Seminggu sebelumnya, selama dua hari berturut-turut otoritas pabean di kota selatan Chennai menggagalkan dua upaya penyelundupan hewan liar dari Thailand.

Mendapat laporan, pihak berwenang mencegat seorang penumpang, yang tiba dari Bangkok. Kemudian mereka menemukan seekor landak albino dan seekor tamarin berdada merah dan bibir putih (spesies monyet seukuran tupai) dari dalam bagasinya. Dalam insiden berbeda, pihak berwenang menyelamatkan seekor sugar glider (possum) yang disembunyikan dalam sebuah wadah yang ditempatkan di dalam bagasi seorang penumpang.

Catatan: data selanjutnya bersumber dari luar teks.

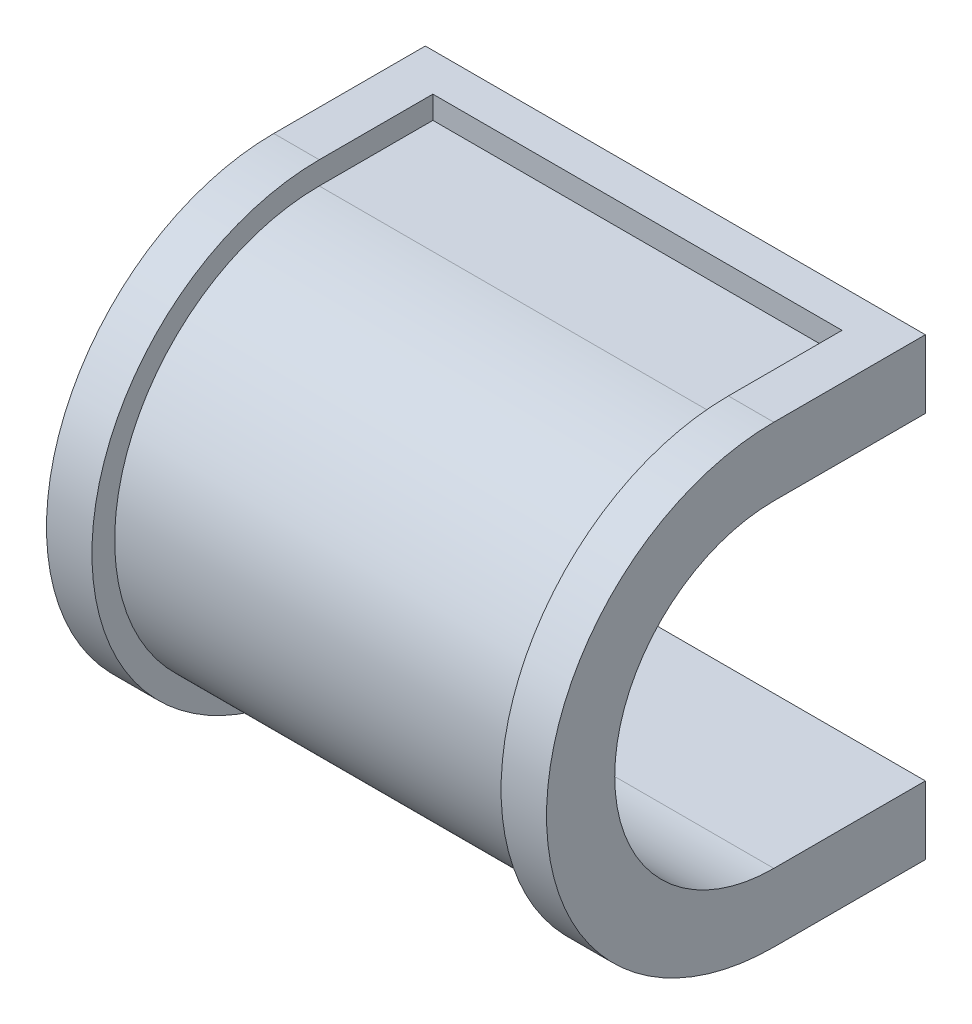
ISO-10303-21;
HEADER;
FILE_DESCRIPTION(('STEP AP214'),'2;1');
FILE_NAME('part.step','',(''),(''),'','','');
FILE_SCHEMA(('AUTOMOTIVE_DESIGN { 1 0 10303 214 1 1 1 1 }'));
ENDSEC;
DATA;
#1=APPLICATION_CONTEXT('core data for automotive mechanical design processes');
#2=APPLICATION_PROTOCOL_DEFINITION('international standard','automotive_design',2000,#1);
#3=PRODUCT_CONTEXT('',#1,'mechanical');
#4=PRODUCT('Part','Part','',(#3));
#5=PRODUCT_RELATED_PRODUCT_CATEGORY('part','',(#4));
#6=PRODUCT_DEFINITION_FORMATION('','',#4);
#7=PRODUCT_DEFINITION_CONTEXT('part definition',#1,'design');
#8=PRODUCT_DEFINITION('design','',#6,#7);
#9=PRODUCT_DEFINITION_SHAPE('','',#8);
#10=(LENGTH_UNIT() NAMED_UNIT(*) SI_UNIT(.MILLI.,.METRE.));
#11=(NAMED_UNIT(*) PLANE_ANGLE_UNIT() SI_UNIT($,.RADIAN.));
#12=(NAMED_UNIT(*) SI_UNIT($,.STERADIAN.) SOLID_ANGLE_UNIT());
#13=UNCERTAINTY_MEASURE_WITH_UNIT(LENGTH_MEASURE(1.E-05),#10,'distance_accuracy_value','');
#14=(GEOMETRIC_REPRESENTATION_CONTEXT(3) GLOBAL_UNCERTAINTY_ASSIGNED_CONTEXT((#13)) GLOBAL_UNIT_ASSIGNED_CONTEXT((#10,
#11,#12)) REPRESENTATION_CONTEXT('',''));
#15=CARTESIAN_POINT('',(0.,0.,0.));
#16=DIRECTION('',(0.,0.,1.));
#17=DIRECTION('',(1.,0.,0.));
#18=AXIS2_PLACEMENT_3D('',#15,#16,#17);
#19=CARTESIAN_POINT('',(66.,54.,-20.));
#20=DIRECTION('',(0.,0.,1.));
#21=DIRECTION('',(1.,0.,0.));
#22=AXIS2_PLACEMENT_3D('',#19,#20,#21);
#23=PLANE('',#22);
#24=DIRECTION('',(0.,1.,0.));
#25=VECTOR('',#24,1.);
#26=CARTESIAN_POINT('',(0.,54.,-20.));
#27=LINE('',#26,#25);
#28=CARTESIAN_POINT('',(0.,-3.,-20.));
#29=VERTEX_POINT('',#28);
#30=CARTESIAN_POINT('',(0.,6.,-20.));
#31=VERTEX_POINT('',#30);
#32=EDGE_CURVE('E304',#29,#31,#27,.T.);
#33=ORIENTED_EDGE('',*,*,#32,.T.);
#34=DIRECTION('',(1.,0.,0.));
#35=VECTOR('',#34,1.);
#36=CARTESIAN_POINT('',(0.,6.,-20.));
#37=LINE('',#36,#35);
#38=CARTESIAN_POINT('',(66.,6.,-20.));
#39=VERTEX_POINT('',#38);
#40=EDGE_CURVE('E275',#31,#39,#37,.T.);
#41=ORIENTED_EDGE('',*,*,#40,.T.);
#42=DIRECTION('',(0.,1.,0.));
#43=VECTOR('',#42,1.);
#44=CARTESIAN_POINT('',(66.,0.,-20.));
#45=LINE('',#44,#43);
#46=CARTESIAN_POINT('',(66.,-3.,-20.));
#47=VERTEX_POINT('',#46);
#48=EDGE_CURVE('E293',#47,#39,#45,.T.);
#49=ORIENTED_EDGE('',*,*,#48,.F.);
#50=DIRECTION('',(-1.,0.,0.));
#51=VECTOR('',#50,1.);
#52=CARTESIAN_POINT('',(66.,-3.,-20.));
#53=LINE('',#52,#51);
#54=EDGE_CURVE('E323',#47,#29,#53,.T.);
#55=ORIENTED_EDGE('',*,*,#54,.T.);
#56=EDGE_LOOP('',(#33,#41,#49,#55));
#57=FACE_BOUND('',#56,.T.);
#58=ADVANCED_FACE('F45',(#57),#23,.F.);
#59=CARTESIAN_POINT('',(66.,27.,0.));
#60=DIRECTION('',(-1.,0.,0.));
#61=DIRECTION('',(0.,0.,1.));
#62=AXIS2_PLACEMENT_3D('',#59,#60,#61);
#63=CYLINDRICAL_SURFACE('',#62,27.);
#64=DIRECTION('',(-1.,0.,0.));
#65=VECTOR('',#64,1.);
#66=CARTESIAN_POINT('',(66.,54.,0.));
#67=LINE('',#66,#65);
#68=CARTESIAN_POINT('',(60.,54.,0.));
#69=VERTEX_POINT('',#68);
#70=CARTESIAN_POINT('',(6.,54.,0.));
#71=VERTEX_POINT('',#70);
#72=EDGE_CURVE('E300',#69,#71,#67,.T.);
#73=ORIENTED_EDGE('',*,*,#72,.T.);
#74=CARTESIAN_POINT('',(6.,27.,0.));
#75=DIRECTION('',(1.,0.,0.));
#76=DIRECTION('',(0.,0.,-1.));
#77=AXIS2_PLACEMENT_3D('',#74,#75,#76);
#78=CIRCLE('',#77,27.);
#79=CARTESIAN_POINT('',(6.,0.,0.));
#80=VERTEX_POINT('',#79);
#81=EDGE_CURVE('E61',#71,#80,#78,.T.);
#82=ORIENTED_EDGE('',*,*,#81,.T.);
#83=DIRECTION('',(-1.,0.,0.));
#84=VECTOR('',#83,1.);
#85=CARTESIAN_POINT('',(66.,0.,0.));
#86=LINE('',#85,#84);
#87=CARTESIAN_POINT('',(60.,0.,0.));
#88=VERTEX_POINT('',#87);
#89=EDGE_CURVE('E11',#88,#80,#86,.T.);
#90=ORIENTED_EDGE('',*,*,#89,.F.);
#91=CARTESIAN_POINT('',(60.,27.,0.));
#92=DIRECTION('',(-1.,0.,0.));
#93=DIRECTION('',(0.,0.,1.));
#94=AXIS2_PLACEMENT_3D('',#91,#92,#93);
#95=CIRCLE('',#94,27.);
#96=EDGE_CURVE('E213',#88,#69,#95,.T.);
#97=ORIENTED_EDGE('',*,*,#96,.T.);
#98=EDGE_LOOP('',(#73,#82,#90,#97));
#99=FACE_BOUND('',#98,.T.);
#100=ADVANCED_FACE('F47',(#99),#63,.T.);
#101=CARTESIAN_POINT('',(66.,0.,0.));
#102=DIRECTION('',(0.,1.,0.));
#103=DIRECTION('',(0.,0.,1.));
#104=AXIS2_PLACEMENT_3D('',#101,#102,#103);
#105=PLANE('',#104);
#106=ORIENTED_EDGE('',*,*,#89,.T.);
#107=DIRECTION('',(0.,0.,-1.));
#108=VECTOR('',#107,1.);
#109=CARTESIAN_POINT('',(6.,0.,0.));
#110=LINE('',#109,#108);
#111=CARTESIAN_POINT('',(6.,0.,-15.));
#112=VERTEX_POINT('',#111);
#113=EDGE_CURVE('E67',#80,#112,#110,.T.);
#114=ORIENTED_EDGE('',*,*,#113,.T.);
#115=DIRECTION('',(-1.,0.,0.));
#116=VECTOR('',#115,1.);
#117=CARTESIAN_POINT('',(66.,0.,-15.));
#118=LINE('',#117,#116);
#119=CARTESIAN_POINT('',(60.,0.,-15.));
#120=VERTEX_POINT('',#119);
#121=EDGE_CURVE('E54',#120,#112,#118,.T.);
#122=ORIENTED_EDGE('',*,*,#121,.F.);
#123=DIRECTION('',(0.,0.,1.));
#124=VECTOR('',#123,1.);
#125=CARTESIAN_POINT('',(60.,0.,-15.));
#126=LINE('',#125,#124);
#127=EDGE_CURVE('E209',#120,#88,#126,.T.);
#128=ORIENTED_EDGE('',*,*,#127,.T.);
#129=EDGE_LOOP('',(#106,#114,#122,#128));
#130=FACE_BOUND('',#129,.T.);
#131=ADVANCED_FACE('F343',(#130),#105,.F.);
#132=CARTESIAN_POINT('',(66.,-3.,-15.));
#133=DIRECTION('',(0.,0.,-1.));
#134=DIRECTION('',(-1.,0.,0.));
#135=AXIS2_PLACEMENT_3D('',#132,#133,#134);
#136=PLANE('',#135);
#137=ORIENTED_EDGE('',*,*,#121,.T.);
#138=DIRECTION('',(0.,-1.,0.));
#139=VECTOR('',#138,1.);
#140=CARTESIAN_POINT('',(6.,0.,-15.));
#141=LINE('',#140,#139);
#142=CARTESIAN_POINT('',(6.,-3.,-15.));
#143=VERTEX_POINT('',#142);
#144=EDGE_CURVE('E193',#112,#143,#141,.T.);
#145=ORIENTED_EDGE('',*,*,#144,.T.);
#146=DIRECTION('',(-1.,0.,0.));
#147=VECTOR('',#146,1.);
#148=CARTESIAN_POINT('',(66.,-3.,-15.));
#149=LINE('',#148,#147);
#150=CARTESIAN_POINT('',(60.,-3.,-15.));
#151=VERTEX_POINT('',#150);
#152=EDGE_CURVE('E191',#151,#143,#149,.T.);
#153=ORIENTED_EDGE('',*,*,#152,.F.);
#154=DIRECTION('',(0.,1.,0.));
#155=VECTOR('',#154,1.);
#156=CARTESIAN_POINT('',(60.,-3.,-15.));
#157=LINE('',#156,#155);
#158=EDGE_CURVE('E236',#151,#120,#157,.T.);
#159=ORIENTED_EDGE('',*,*,#158,.T.);
#160=EDGE_LOOP('',(#137,#145,#153,#159));
#161=FACE_BOUND('',#160,.T.);
#162=ADVANCED_FACE('F330',(#161),#136,.F.);
#163=CARTESIAN_POINT('',(66.,-3.,-20.));
#164=DIRECTION('',(0.,1.,0.));
#165=DIRECTION('',(0.,0.,1.));
#166=AXIS2_PLACEMENT_3D('',#163,#164,#165);
#167=PLANE('',#166);
#168=DIRECTION('',(0.,0.,-1.));
#169=VECTOR('',#168,1.);
#170=CARTESIAN_POINT('',(0.,-3.,-20.));
#171=LINE('',#170,#169);
#172=CARTESIAN_POINT('',(0.,-3.,0.));
#173=VERTEX_POINT('',#172);
#174=EDGE_CURVE('E279',#173,#29,#171,.T.);
#175=ORIENTED_EDGE('',*,*,#174,.T.);
#176=ORIENTED_EDGE('',*,*,#54,.F.);
#177=DIRECTION('',(0.,0.,-1.));
#178=VECTOR('',#177,1.);
#179=CARTESIAN_POINT('',(66.,-3.,-20.));
#180=LINE('',#179,#178);
#181=CARTESIAN_POINT('',(66.,-3.,0.));
#182=VERTEX_POINT('',#181);
#183=EDGE_CURVE('E288',#182,#47,#180,.T.);
#184=ORIENTED_EDGE('',*,*,#183,.F.);
#185=DIRECTION('',(1.,0.,0.));
#186=VECTOR('',#185,1.);
#187=CARTESIAN_POINT('',(60.,-3.,0.));
#188=LINE('',#187,#186);
#189=CARTESIAN_POINT('',(60.,-3.,0.));
#190=VERTEX_POINT('',#189);
#191=EDGE_CURVE('E244',#190,#182,#188,.T.);
#192=ORIENTED_EDGE('',*,*,#191,.F.);
#193=DIRECTION('',(0.,0.,-1.));
#194=VECTOR('',#193,1.);
#195=CARTESIAN_POINT('',(60.,-3.,0.));
#196=LINE('',#195,#194);
#197=EDGE_CURVE('E233',#190,#151,#196,.T.);
#198=ORIENTED_EDGE('',*,*,#197,.T.);
#199=ORIENTED_EDGE('',*,*,#152,.T.);
#200=DIRECTION('',(0.,0.,1.));
#201=VECTOR('',#200,1.);
#202=CARTESIAN_POINT('',(6.,-3.,-15.));
#203=LINE('',#202,#201);
#204=CARTESIAN_POINT('',(6.,-3.,0.));
#205=VERTEX_POINT('',#204);
#206=EDGE_CURVE('E182',#143,#205,#203,.T.);
#207=ORIENTED_EDGE('',*,*,#206,.T.);
#208=DIRECTION('',(-1.,0.,0.));
#209=VECTOR('',#208,1.);
#210=CARTESIAN_POINT('',(6.,-3.,0.));
#211=LINE('',#210,#209);
#212=EDGE_CURVE('E162',#205,#173,#211,.T.);
#213=ORIENTED_EDGE('',*,*,#212,.T.);
#214=EDGE_LOOP('',(#175,#176,#184,#192,#198,#199,#207,#213));
#215=FACE_BOUND('',#214,.T.);
#216=ADVANCED_FACE('F189',(#215),#167,.F.);
#217=CARTESIAN_POINT('',(66.,48.,-20.));
#218=VERTEX_POINT('',#217);
#219=CARTESIAN_POINT('',(66.,57.,-20.));
#220=VERTEX_POINT('',#219);
#221=EDGE_CURVE('E291',#218,#220,#45,.T.);
#222=ORIENTED_EDGE('',*,*,#221,.F.);
#223=DIRECTION('',(1.,0.,0.));
#224=VECTOR('',#223,1.);
#225=CARTESIAN_POINT('',(0.,48.,-20.));
#226=LINE('',#225,#224);
#227=CARTESIAN_POINT('',(0.,48.,-20.));
#228=VERTEX_POINT('',#227);
#229=EDGE_CURVE('E265',#228,#218,#226,.T.);
#230=ORIENTED_EDGE('',*,*,#229,.F.);
#231=CARTESIAN_POINT('',(0.,57.,-20.));
#232=VERTEX_POINT('',#231);
#233=EDGE_CURVE('E303',#228,#232,#27,.T.);
#234=ORIENTED_EDGE('',*,*,#233,.T.);
#235=DIRECTION('',(-1.,0.,0.));
#236=VECTOR('',#235,1.);
#237=CARTESIAN_POINT('',(66.,57.,-20.));
#238=LINE('',#237,#236);
#239=EDGE_CURVE('E319',#220,#232,#238,.T.);
#240=ORIENTED_EDGE('',*,*,#239,.F.);
#241=EDGE_LOOP('',(#222,#230,#234,#240));
#242=FACE_BOUND('',#241,.T.);
#243=ADVANCED_FACE('F353',(#242),#23,.F.);
#244=CARTESIAN_POINT('',(66.,57.,-20.));
#245=DIRECTION('',(0.,-1.,0.));
#246=DIRECTION('',(0.,0.,-1.));
#247=AXIS2_PLACEMENT_3D('',#244,#245,#246);
#248=PLANE('',#247);
#249=DIRECTION('',(0.,0.,1.));
#250=VECTOR('',#249,1.);
#251=CARTESIAN_POINT('',(0.,57.,-20.));
#252=LINE('',#251,#250);
#253=CARTESIAN_POINT('',(0.,57.,0.));
#254=VERTEX_POINT('',#253);
#255=EDGE_CURVE('E292',#232,#254,#252,.T.);
#256=ORIENTED_EDGE('',*,*,#255,.T.);
#257=DIRECTION('',(-1.,0.,0.));
#258=VECTOR('',#257,1.);
#259=CARTESIAN_POINT('',(6.,57.,0.));
#260=LINE('',#259,#258);
#261=CARTESIAN_POINT('',(6.,57.,0.));
#262=VERTEX_POINT('',#261);
#263=EDGE_CURVE('E173',#262,#254,#260,.T.);
#264=ORIENTED_EDGE('',*,*,#263,.F.);
#265=DIRECTION('',(0.,0.,-1.));
#266=VECTOR('',#265,1.);
#267=CARTESIAN_POINT('',(6.,57.,-15.));
#268=LINE('',#267,#266);
#269=CARTESIAN_POINT('',(6.,57.,-15.));
#270=VERTEX_POINT('',#269);
#271=EDGE_CURVE('E185',#262,#270,#268,.T.);
#272=ORIENTED_EDGE('',*,*,#271,.T.);
#273=DIRECTION('',(-1.,0.,0.));
#274=VECTOR('',#273,1.);
#275=CARTESIAN_POINT('',(66.,57.,-15.));
#276=LINE('',#275,#274);
#277=CARTESIAN_POINT('',(60.,57.,-15.));
#278=VERTEX_POINT('',#277);
#279=EDGE_CURVE('E316',#278,#270,#276,.T.);
#280=ORIENTED_EDGE('',*,*,#279,.F.);
#281=DIRECTION('',(0.,0.,1.));
#282=VECTOR('',#281,1.);
#283=CARTESIAN_POINT('',(60.,57.,-15.));
#284=LINE('',#283,#282);
#285=CARTESIAN_POINT('',(60.,57.,0.));
#286=VERTEX_POINT('',#285);
#287=EDGE_CURVE('E225',#278,#286,#284,.T.);
#288=ORIENTED_EDGE('',*,*,#287,.T.);
#289=DIRECTION('',(1.,0.,0.));
#290=VECTOR('',#289,1.);
#291=CARTESIAN_POINT('',(60.,57.,0.));
#292=LINE('',#291,#290);
#293=CARTESIAN_POINT('',(66.,57.,0.));
#294=VERTEX_POINT('',#293);
#295=EDGE_CURVE('E240',#286,#294,#292,.T.);
#296=ORIENTED_EDGE('',*,*,#295,.T.);
#297=DIRECTION('',(0.,0.,1.));
#298=VECTOR('',#297,1.);
#299=CARTESIAN_POINT('',(66.,57.,-20.));
#300=LINE('',#299,#298);
#301=EDGE_CURVE('E297',#220,#294,#300,.T.);
#302=ORIENTED_EDGE('',*,*,#301,.F.);
#303=ORIENTED_EDGE('',*,*,#239,.T.);
#304=EDGE_LOOP('',(#256,#264,#272,#280,#288,#296,#302,#303));
#305=FACE_BOUND('',#304,.T.);
#306=ADVANCED_FACE('F359',(#305),#248,.F.);
#307=CARTESIAN_POINT('',(66.,57.,-15.));
#308=DIRECTION('',(0.,0.,-1.));
#309=DIRECTION('',(-1.,0.,0.));
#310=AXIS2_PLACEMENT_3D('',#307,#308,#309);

"Ini adalah pasar yang menguntungkan dan penyelundupan terjadi," kata Manajer Program Wildflife Society of India Tito Joseph kepada DW. Ditambahkann, maraknya penyeludupan hewan eksotis ini lantaran tidak adanya undang-undang  yang mengatur kepemilikan, perdagangan, pengembangbiakan hewan eksotis. 

Kurangnya perlindungan hukum untuk satwa liar 

Sayangnya, perdagangan spesies eksotis tidak termasuk dalam lingkup Undang-Undang Perlindungan Satwa liar 1972. Hal ini menyebabkan celah hukum yang terbuka dalam sistem perlindungan satwa liar India, yang dimanfaatkan dengan baik oleh pihak yang terlibat di berbagai tingkat perdagangan satwa liar. Pasar perdagangan satwa liar eksotis bahkan beroperasi secara daring dan menangkap pedagang dan pemburu ilegal sejauh ini dikatakan sangat tidak efektif.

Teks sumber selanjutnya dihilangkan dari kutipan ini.